Incremental Processing Pattern

Your nightly job reprocesses 10TB. Only 50GB changed. You’re burning money and adding risk.

This is the incremental processing pattern. Process only what changed.

Two main approaches: Change Data Capture (CDC) captures every insert, update, and delete in near real-time - great when you need tight sync with your source systems. Daily deltas compare snapshots and process the differences - simpler to implement, works fine when overnight freshness is enough. Pick based on how fresh your downstream consumers actually need the data, not what sounds more impressive.

Why it matters:

Compute costs drop. You’re not churning through terabytes that haven’t changed since last week.

Risk drops. Touch less data at a time, fewer things can break. When something does break, recovery is faster because you’re not reprocessing everything since 2019.

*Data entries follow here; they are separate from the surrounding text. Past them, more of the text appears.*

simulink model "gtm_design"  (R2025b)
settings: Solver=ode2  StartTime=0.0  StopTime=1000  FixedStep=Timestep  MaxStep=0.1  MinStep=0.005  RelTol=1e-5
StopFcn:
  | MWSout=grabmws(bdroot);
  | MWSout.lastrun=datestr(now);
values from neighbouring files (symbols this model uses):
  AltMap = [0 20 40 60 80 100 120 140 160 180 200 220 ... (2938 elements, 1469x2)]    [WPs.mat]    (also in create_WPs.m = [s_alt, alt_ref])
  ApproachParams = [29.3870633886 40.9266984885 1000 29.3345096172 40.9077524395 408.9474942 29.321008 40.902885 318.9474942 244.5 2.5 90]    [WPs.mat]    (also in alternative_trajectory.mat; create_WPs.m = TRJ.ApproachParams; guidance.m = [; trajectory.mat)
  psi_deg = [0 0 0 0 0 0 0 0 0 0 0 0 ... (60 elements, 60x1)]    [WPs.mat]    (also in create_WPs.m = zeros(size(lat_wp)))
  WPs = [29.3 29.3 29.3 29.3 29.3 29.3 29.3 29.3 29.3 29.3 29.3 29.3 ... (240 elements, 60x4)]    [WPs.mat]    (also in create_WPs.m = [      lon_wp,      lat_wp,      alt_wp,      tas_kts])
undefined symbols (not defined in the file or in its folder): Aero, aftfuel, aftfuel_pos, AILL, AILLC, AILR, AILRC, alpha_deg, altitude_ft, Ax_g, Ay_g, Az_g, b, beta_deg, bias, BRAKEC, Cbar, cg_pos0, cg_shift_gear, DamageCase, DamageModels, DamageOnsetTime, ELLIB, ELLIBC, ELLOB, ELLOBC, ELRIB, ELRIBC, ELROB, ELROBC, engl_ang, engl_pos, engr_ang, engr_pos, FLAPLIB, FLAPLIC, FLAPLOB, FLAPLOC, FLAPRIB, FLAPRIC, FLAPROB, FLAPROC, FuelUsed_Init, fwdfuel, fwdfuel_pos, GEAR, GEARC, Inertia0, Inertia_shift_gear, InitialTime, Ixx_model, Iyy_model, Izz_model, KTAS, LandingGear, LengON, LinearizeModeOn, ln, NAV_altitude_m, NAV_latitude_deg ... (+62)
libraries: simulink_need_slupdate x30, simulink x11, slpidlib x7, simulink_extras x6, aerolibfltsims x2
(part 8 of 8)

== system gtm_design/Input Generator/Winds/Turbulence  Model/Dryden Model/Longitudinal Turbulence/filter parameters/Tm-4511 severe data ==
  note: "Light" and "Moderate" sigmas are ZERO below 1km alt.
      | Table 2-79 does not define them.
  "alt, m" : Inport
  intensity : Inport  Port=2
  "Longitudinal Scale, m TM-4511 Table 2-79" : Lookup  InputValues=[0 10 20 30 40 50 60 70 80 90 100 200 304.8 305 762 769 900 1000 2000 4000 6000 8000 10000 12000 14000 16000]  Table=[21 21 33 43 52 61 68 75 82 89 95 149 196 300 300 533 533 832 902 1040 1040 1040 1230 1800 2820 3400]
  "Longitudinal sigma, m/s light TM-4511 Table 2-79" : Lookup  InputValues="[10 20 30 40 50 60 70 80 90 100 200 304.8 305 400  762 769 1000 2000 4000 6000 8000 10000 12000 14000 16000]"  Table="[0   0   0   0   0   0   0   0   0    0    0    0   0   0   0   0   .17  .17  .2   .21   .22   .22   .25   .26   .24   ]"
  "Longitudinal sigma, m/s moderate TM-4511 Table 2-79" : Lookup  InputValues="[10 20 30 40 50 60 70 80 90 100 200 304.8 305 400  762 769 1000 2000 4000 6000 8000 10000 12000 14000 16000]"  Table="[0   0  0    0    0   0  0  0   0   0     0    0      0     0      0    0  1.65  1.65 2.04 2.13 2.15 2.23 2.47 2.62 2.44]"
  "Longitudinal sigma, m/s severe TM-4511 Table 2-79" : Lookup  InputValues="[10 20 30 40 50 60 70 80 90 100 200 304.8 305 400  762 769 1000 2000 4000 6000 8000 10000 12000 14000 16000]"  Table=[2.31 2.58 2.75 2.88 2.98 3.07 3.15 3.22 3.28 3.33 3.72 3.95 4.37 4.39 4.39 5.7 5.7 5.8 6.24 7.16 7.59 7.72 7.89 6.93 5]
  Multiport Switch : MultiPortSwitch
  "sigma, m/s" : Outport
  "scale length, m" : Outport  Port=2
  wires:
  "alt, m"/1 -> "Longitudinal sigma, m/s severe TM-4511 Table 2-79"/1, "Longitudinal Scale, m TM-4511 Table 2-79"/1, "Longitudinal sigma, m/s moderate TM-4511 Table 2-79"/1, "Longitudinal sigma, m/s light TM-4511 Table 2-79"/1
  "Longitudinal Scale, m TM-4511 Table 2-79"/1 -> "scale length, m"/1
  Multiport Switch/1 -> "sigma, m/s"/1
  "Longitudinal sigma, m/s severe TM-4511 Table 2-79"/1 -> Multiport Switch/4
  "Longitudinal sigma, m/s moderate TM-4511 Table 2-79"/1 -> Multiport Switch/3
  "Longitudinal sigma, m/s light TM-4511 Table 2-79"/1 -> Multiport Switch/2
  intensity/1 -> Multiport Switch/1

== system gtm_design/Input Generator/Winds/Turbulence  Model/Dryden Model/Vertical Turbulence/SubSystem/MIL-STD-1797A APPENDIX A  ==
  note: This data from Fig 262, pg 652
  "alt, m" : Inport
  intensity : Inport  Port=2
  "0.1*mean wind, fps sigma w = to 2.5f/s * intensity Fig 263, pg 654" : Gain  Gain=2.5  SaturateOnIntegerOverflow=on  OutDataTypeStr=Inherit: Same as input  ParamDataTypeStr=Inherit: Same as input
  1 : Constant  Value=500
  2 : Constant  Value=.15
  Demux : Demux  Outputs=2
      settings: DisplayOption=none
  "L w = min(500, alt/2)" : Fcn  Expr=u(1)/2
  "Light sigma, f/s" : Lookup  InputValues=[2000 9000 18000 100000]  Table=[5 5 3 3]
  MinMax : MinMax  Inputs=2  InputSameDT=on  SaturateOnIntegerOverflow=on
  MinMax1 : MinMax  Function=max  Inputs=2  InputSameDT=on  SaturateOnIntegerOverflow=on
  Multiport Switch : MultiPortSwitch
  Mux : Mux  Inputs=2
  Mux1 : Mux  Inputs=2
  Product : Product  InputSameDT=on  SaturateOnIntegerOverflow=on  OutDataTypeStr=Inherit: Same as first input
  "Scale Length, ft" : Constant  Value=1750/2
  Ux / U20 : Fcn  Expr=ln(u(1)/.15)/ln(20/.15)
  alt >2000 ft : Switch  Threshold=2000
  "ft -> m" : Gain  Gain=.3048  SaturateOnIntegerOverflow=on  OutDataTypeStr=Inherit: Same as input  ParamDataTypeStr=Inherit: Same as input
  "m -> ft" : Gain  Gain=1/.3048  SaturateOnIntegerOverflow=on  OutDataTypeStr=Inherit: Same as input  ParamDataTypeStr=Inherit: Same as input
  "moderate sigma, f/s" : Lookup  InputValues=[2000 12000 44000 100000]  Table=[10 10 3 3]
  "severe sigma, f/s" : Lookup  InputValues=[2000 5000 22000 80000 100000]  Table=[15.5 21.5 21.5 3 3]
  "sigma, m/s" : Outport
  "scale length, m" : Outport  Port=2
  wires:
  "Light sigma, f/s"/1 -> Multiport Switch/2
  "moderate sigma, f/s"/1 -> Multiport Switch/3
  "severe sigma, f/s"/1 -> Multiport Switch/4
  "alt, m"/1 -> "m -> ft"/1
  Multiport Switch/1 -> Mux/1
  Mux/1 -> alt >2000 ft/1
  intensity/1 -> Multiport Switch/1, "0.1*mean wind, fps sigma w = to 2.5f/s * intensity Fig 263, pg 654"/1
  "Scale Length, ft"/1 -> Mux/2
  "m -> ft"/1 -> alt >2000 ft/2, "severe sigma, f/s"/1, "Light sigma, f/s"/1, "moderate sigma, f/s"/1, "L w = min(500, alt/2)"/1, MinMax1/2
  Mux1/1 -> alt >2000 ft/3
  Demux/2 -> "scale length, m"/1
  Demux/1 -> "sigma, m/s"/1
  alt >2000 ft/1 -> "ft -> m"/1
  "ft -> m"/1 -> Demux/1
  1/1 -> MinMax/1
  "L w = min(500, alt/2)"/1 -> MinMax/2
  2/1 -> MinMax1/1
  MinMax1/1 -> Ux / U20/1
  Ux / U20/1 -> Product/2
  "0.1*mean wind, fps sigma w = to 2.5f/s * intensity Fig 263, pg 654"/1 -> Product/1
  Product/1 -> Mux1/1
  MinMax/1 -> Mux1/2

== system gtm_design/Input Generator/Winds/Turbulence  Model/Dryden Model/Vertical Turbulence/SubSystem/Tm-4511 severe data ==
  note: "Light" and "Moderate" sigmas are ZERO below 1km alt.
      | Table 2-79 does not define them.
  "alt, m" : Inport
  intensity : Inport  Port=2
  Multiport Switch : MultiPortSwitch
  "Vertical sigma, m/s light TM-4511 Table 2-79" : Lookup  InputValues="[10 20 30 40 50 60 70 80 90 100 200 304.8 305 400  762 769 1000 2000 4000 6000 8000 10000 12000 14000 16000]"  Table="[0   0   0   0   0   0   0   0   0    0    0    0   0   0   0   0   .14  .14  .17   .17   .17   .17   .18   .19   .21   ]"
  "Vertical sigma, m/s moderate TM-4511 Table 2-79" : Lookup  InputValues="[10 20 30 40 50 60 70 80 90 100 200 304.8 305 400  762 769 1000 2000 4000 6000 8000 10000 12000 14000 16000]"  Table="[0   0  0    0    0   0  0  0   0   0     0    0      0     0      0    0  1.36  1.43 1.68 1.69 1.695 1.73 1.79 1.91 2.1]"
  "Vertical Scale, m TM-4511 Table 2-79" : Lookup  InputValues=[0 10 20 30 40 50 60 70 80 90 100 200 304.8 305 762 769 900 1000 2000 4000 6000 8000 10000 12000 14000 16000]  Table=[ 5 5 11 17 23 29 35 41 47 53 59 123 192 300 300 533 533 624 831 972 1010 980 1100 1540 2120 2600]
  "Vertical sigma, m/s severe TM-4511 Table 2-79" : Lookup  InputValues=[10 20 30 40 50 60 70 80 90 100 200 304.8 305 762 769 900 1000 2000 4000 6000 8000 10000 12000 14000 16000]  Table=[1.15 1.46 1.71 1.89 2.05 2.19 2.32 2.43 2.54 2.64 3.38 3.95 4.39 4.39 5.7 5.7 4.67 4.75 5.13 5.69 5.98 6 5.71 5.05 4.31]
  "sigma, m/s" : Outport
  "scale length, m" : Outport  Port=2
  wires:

Pipeline runtime shrinks. Hours become minutes when you skip unchanged data.

dbt makes this easy with incremental models. Most modern orchestrators support it. The tech is the simple part. Getting teams to let go of full refreshes because “that’s how we’ve always done it” - that’s where you’ll spend your energy.

Start with your largest, slowest pipelines. Ask: what percentage actually changes between runs? If the answer is under 20%, you’ve got a candidate.

Which of your pipelines are full-refresh when they could be incremental?